En el pozo era fácil constatar que las aguas están llenas
de microorganismos. No en vano las primeras formas de vida aparecieron en las
turbulencias del mar, en las corrientes del río y en las profundidades del
lago; un reino en el cual todavía sobreviven una variedad de peces, mamíferos y
anfibios, aparte de las plantas acuáticas que parecen monstruos mecidos por los
flujos y reflujos.
El agua del pozo, según supe después por testimonios de
mis vecinos, era el principal causante de las enfermedades intestinales que
aquejaban a los pobladores. Claro está, cómo no iba a serlo, si no era agua filtrada
ni potable. Además, para el colmo de los pesares, algunas personas hacían sus
necesidades sólo a unos metros más allá del pozo, convirtiendo el agua que
brotaba de las rocas en un líquido fecal, que luego desparecía como serpiente grisácea
entre las piedras del río.
Apenas llenaba mis baldes, con la sensación de un beduino
que encuentra un oasis entre las dunas del desierto, me retiraba del lugar y
regresaba a casa por el mismo sendero cubierto de grava. Acarrear el agua, bajo
sol o bajo sombra, era un trabajo que nos tocaba a los niños y a las amas de
casa, quienes, como en todo pueblo carente de alcantarillas y agua potable,
eran las aguateras que iban y venían del pozo batiendo mantas y polleras. Parecían
hormigas avanzando contra las ráfagas del viento y fantasmas envueltas por las
corrientes del frío.
Yo caminaba a paso lento y seguro, en procura de llegar a
casa con los baldes llenos de agua, porque el agua en aquel pueblo, como en un
lejano desierto, era un tesoro apreciado por todos. Perder gotas de agua en el trayecto,
por un simple descuido o un tropezón indebido, era como perder perlas que se
esfumaban en la tierra apisonada o se evaporaban bajo un sol calcinante.
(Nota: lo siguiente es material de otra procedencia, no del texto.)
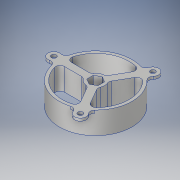
# Autodesk Inventor part: Flywheel Half
Saved by Autodesk Inventor 2019.4 (Build 234330000, 330)
## iProperties
Created: 2020-01-16
Part Number: Flywheel Half
Material: Aluminum 6061
Document SubType Name: Modeling
Designer: admin
Density: 2.7 g/cm^3
Appearance: Aluminum - Flat
Mass: 120.018 g
Surface Area: 219.742 cm^2
Volume: 44.4513 cm^3
Author: admin
Autodesk Inventor part; units mm, degrees
ref_plane "YZ Plane" through (0, 0, 0) normal (1, 0, 0) x (0, 1, 0)
ref_plane "XZ Plane" through (0, 0, 0) normal (0, 1, 0) x (-1, 0, 0)
ref_plane "XY Plane" through (0, 0, 0) normal (0, 0, 1) x (1, 0, 0)
sketch "Sketch1" plane through (0, 0, 0) normal (1, 0, 0) x (0, 1, 0)
  line L0 (12.5, 40.88) -> (7.5, 40.88)
  line L1 (-12.5, 40.88) -> (-12.5, 40.88) construction
  line L2 (-12.5, 0) -> (12.5, 0)
  line L3 (12.5, 0) -> (12.5, 40.88)
  line L4 (7.5, 40.88) -> (-12.5, 40.88)
  line L5 (7.5, 40.88) -> (-12.5, 40.88) construction
  line L6 (-12.5, 40.88) -> (-12.5, 0)
  point P0 (0, 0)
  point P1 (0, 0)
  dimension "d0" = 40.88
  dimension "d1" = 25
  dimension "d2" = 0
  dimension "d3" = 20
  constraints: 14 end point, 4 parallel, 4 perpendicular, 2 horizontal, 1 coincident, 1 midpoint
  measures "d0" distance of L2.end L0.start
  measures "d1" distance of L0.start L1.start
  measures "d2" vertical distance of L0.end L1.end
  measures "d3" distance of L0.end L1.end
revolve "Revolution1" add sketch "Sketch1" angle 360 about axis through (0, -12.5, 0) along (0, 1, 0)
sketch "Sketch2" plane through (0, -12.5, 0) normal (0, -1, 0) x (1, 0, 0)
  line L0 (-6.35, 3.6662) -> (0, 7.3323)
  line L1 (0, 7.3323) -> (6.35, 3.6662)
  line L2 (6.35, 3.6662) -> (6.35, -3.6662)
  line L3 (6.35, -3.6662) -> (0, -7.3323)
  line L4 (0, -7.3323) -> (-6.35, -3.6662)
  line L5 (-6.35, -3.6662) -> (-6.35, 3.6662)
  circle A0 centre (23, 0) radius 14
  line L6 (23, 0) -> (0, 0) construction
  circle A1 centre (23.3345, -23.3345) radius 6
  line L7 (0, 0) -> (23.3345, -23.3345) construction
  circle A2 centre (0, 23) radius 14
  circle A3 centre (23.3345, 23.3345) radius 6
  circle A4 centre (-23, 0) radius 14
  circle A5 centre (-23.3345, 23.3345) radius 6
  circle A6 centre (0, -23) radius 14
  circle A7 centre (-23.3345, -23.3345) radius 6
  circle A8 centre (0, 0) radius 37.5
  circle A9 centre (0, 0) radius 10
  line L8 (-4, 9.1652) -> (-4, 37.2861) construction
  line L9 (4, 9.1652) -> (4, 37.2861) construction
  point P0 (0, 0)
  dimension "d8" = 12.7
  dimension "d9" = 28
  dimension "d10" = 23
  dimension "d11" = 12
  dimension "d12" = 45
  dimension "d13" = 33
  dimension "d16" = 360
  dimension "d20" = 75
  dimension "d21" = 20
  dimension "d22" = 8
  constraints: 20 end point, 10 centre point, 4 point on circle, 3 coincident, 2 parallel, 2 vertical, 1 horizontal, 30 other
  measures "d8" distance between parallel lines of L2 L5
  measures "d9" diameter of A0
  measures "d10" distance of L6.start L6.end
  measures "d11" diameter of A1
  measures "d12" angle of L6 L7
  measures "d13" distance of L6.end L7.end
  measures "d20" diameter of A8
  measures "d21" diameter of A9
  measures "d22" distance between parallel lines of L8 L9
extrude "Extrusion1" cut sketch "Sketch2" against normal through all contours L0 L1 L2 L3 L4 L5 | A0 A9 | A9 A2 | A6 A9 | A9 A4 | A1 A8 | A1 A8 A7 A5 A3 | A8 A7 | A3 A8 | A8 A5 picked at (27.8646, 1.1161) picked at (-0.7795, 27.8977) picked at (-0.7795, -27.8977) picked at (-27.8426, -1.4978) picked at (24.2116, -23.8676) picked at (-23.9477, -24.1155) picked at (24.2116, 23.8676) picked at (-23.9477, 24.1155)
sketch "Sketch3" plane through (0, -12.5, 0) normal (0, -1, 0) x (1, 0, 0)
  line L0 (-9.1652, 4) -> (-37.2861, 4)
  circle A0 centre (0, 0) radius 10 projected
  circle A1 centre (0, 0) radius 37.5 projected
  line L1 (-9.1652, -4) -> (-37.2861, -4)
  circle A2 centre (0, 0) radius 37.5 projected
  point P0 (0, 0)
  dimension "d23" = 8
  constraints: 4 end point, 3 point on circle, 2 horizontal, 1 parallel, 2 other
  measures "d23" distance between parallel lines of L1 L0
extrude "Extrusion2" add sketch "Sketch3" against normal up to surface (25 mm away) contours A0 L1 A1 L0 picked at (-28.2541, -1.7785)
pattern_circular "Circular Pattern1" count 3 over 360 about axis through (0, -12.5, 0) along (0, 1, 0) of "Extrusion2"
fillet "Fillet1" radius 5 12 edges at (-9.1652, 0, -4) (1.1185, 0, -9.9373) (-9.1652, 0, 4) (1.1185, 0, 9.9373) (8.0467, 0, 5.9373) (8.0467, 0, -5.9373) (15.1789, 0, 34.2907) (22.1071, 0, 30.2907) (-37.2861, 0, -4) (-37.2861, 0, 4) (15.1789, 0, -34.2907) (22.1071, 0, -30.2907)
sketch "Sketch4" plane through (0, 12.5, 0) normal (0, 1, 0) x (1, 0, 0)
  circle A0 centre (-47.18, 0) radius 2.75
  circle A1 centre (-47.18, 0) radius 6.5
  circle A2 centre (0, 0) radius 40.88 projected
  line L0 (-47.18, 0) -> (0, 0) construction
  point P0 (0, 0)
  dimension "d32" = 5.5
  dimension "d33" = 13
  dimension "d34" = 47.18
  constraints: 2 centre point, 2 end point, 1 coincident, 1 horizontal
  measures "d32" diameter of A0
  measures "d33" diameter of A1
  measures "d34" distance of L0.start L0.end
extrude "Extrusion3" add sketch "Sketch4" against normal blind 3 contours A1 A2 | A2 A1 picked at (-40.8113, 0) picked at (-52.3399, -0.7397)
fillet "Fillet2" radius 5 2 edges at (-40.8529, 11, 1.4891) (-40.8529, 11, -1.4891)
pattern_circular "Circular Pattern2" count 3 over 360 about axis through (0, 10, 0) along (0, 1, 0) of "Extrusion3", "Fillet2"
body "Solid1"

De algún modo extraño, y sin que nadie me lo explicara,
estaba consciente de que los baldes de agua servían para beber, lavar la ropa,
fregar las vajillas, lavar las frutas y verduras; lavarme las manos, los pies y
la cara. Quizás por eso ahora, que soy mayor y vivo en una ciudad donde se
desperdicia el agua a raudales, tanto en la cocina como en la ducha y el
lavabo, me duele hasta el fondo del alma, porque yo sí sé lo que implica no
tener agua potable en casa; este elemento vital que, por desgracia, es cada vez
más escaso en los países más pobres de este pobre planeta.